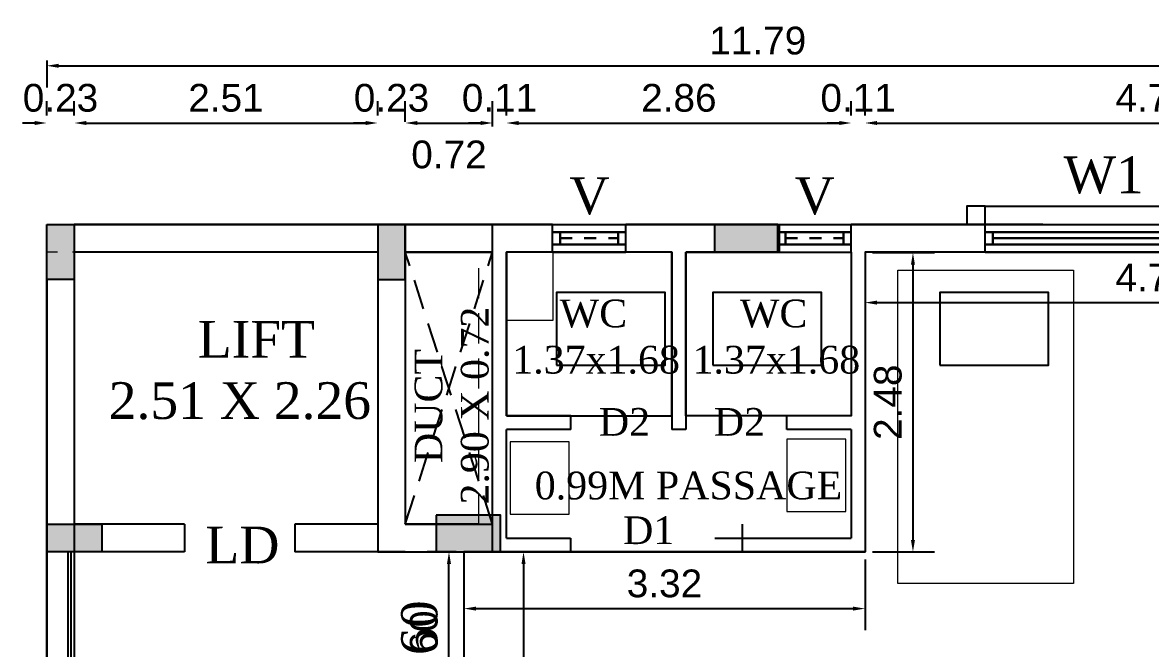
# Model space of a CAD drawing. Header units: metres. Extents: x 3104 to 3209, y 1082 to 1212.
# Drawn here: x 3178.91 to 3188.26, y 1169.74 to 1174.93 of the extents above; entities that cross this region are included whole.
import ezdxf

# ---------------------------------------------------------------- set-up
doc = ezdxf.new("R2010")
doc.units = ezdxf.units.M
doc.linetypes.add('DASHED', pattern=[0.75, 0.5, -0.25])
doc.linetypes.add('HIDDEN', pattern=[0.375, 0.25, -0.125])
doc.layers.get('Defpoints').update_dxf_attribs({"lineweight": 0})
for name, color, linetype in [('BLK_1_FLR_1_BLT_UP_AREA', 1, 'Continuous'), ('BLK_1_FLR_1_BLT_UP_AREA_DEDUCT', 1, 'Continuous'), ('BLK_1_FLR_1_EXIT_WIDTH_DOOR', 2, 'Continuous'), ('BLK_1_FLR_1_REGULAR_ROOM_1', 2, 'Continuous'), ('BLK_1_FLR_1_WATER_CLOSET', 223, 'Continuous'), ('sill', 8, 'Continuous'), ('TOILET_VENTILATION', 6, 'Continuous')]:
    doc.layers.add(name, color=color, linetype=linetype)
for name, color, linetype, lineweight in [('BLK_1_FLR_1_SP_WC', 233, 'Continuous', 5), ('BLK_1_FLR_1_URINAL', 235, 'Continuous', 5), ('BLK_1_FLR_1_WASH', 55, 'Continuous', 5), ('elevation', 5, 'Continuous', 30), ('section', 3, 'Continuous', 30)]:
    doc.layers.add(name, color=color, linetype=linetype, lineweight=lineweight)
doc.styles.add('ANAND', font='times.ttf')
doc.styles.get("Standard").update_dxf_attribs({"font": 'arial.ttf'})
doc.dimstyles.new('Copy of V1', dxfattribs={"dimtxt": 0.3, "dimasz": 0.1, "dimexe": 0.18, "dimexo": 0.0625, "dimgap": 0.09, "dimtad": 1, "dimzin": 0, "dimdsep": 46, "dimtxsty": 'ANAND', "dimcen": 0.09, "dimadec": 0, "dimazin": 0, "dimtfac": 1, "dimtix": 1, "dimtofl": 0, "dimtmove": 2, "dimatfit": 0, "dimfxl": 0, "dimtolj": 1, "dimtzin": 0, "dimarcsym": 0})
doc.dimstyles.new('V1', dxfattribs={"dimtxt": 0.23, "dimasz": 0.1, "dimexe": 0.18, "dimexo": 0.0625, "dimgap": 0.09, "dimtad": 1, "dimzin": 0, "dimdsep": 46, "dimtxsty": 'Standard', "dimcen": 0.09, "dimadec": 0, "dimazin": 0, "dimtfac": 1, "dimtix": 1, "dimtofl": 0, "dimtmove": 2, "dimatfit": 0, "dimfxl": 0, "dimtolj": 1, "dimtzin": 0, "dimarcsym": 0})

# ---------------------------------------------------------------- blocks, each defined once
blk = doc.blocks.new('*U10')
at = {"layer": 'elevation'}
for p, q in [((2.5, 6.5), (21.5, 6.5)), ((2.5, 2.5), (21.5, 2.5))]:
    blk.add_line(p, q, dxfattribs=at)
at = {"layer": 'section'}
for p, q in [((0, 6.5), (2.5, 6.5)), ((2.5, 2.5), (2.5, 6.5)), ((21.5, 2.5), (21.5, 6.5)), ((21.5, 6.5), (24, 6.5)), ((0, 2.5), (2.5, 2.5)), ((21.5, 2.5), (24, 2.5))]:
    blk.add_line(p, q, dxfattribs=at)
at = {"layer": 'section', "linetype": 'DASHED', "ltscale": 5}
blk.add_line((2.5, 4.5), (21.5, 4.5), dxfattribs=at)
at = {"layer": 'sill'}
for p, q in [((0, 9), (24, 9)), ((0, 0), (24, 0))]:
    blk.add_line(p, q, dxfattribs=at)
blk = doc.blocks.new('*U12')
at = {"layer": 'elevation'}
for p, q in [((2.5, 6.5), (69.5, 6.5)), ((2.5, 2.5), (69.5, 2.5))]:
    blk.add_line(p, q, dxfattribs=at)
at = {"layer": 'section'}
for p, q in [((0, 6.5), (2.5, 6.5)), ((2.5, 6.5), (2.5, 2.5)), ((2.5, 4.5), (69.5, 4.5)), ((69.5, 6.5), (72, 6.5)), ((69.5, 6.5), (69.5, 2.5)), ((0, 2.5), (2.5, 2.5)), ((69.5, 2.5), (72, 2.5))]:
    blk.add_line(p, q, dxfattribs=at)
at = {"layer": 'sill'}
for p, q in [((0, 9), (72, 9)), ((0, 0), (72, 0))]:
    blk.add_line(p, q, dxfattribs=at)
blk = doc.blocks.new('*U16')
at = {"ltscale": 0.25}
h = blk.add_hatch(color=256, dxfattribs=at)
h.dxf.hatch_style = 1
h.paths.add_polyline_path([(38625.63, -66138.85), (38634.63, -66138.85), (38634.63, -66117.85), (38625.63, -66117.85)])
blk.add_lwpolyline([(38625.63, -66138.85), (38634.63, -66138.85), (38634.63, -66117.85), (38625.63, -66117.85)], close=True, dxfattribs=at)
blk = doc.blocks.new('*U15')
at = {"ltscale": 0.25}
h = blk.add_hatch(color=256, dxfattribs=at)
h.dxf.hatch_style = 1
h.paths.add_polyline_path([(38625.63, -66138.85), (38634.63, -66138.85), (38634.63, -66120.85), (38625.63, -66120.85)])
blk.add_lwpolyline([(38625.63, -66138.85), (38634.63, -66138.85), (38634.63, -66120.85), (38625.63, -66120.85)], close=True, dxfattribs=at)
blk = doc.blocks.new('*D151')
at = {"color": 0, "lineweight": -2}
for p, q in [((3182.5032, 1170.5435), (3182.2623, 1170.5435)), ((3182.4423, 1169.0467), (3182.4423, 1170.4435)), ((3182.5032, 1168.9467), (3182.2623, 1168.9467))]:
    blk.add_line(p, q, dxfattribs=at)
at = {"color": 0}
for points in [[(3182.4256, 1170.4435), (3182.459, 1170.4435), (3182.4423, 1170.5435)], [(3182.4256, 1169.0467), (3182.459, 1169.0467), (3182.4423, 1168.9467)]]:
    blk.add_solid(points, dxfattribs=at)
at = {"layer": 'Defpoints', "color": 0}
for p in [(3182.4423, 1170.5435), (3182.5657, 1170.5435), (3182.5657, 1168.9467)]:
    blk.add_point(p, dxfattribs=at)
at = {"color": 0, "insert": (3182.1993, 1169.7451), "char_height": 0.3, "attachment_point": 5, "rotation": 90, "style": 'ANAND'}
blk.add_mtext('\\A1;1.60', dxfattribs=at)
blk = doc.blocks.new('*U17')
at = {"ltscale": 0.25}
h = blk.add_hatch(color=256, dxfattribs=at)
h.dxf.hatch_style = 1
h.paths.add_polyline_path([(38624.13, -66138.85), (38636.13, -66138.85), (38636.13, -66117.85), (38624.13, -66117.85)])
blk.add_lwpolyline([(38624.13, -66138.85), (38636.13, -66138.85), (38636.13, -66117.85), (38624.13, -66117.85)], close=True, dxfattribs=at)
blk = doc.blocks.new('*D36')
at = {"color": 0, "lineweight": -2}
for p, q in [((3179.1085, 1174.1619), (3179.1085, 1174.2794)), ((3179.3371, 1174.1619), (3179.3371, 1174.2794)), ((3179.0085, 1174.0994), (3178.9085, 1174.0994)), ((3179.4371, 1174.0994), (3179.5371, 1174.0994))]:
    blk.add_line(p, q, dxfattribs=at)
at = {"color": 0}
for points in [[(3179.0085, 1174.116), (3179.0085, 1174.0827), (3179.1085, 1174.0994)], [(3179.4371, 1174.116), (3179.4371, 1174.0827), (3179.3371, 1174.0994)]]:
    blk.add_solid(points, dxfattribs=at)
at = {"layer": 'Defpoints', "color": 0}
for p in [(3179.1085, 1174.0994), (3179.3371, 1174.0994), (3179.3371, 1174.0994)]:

Exercise prompt
Copy all the lines from the data above that hold the word "linetypes".

Answer space
doc.linetypes.add('DASHED', pattern=[0.75, 0.5, -0.25])
doc.linetypes.add('HIDDEN', pattern=[0.375, 0.25, -0.125])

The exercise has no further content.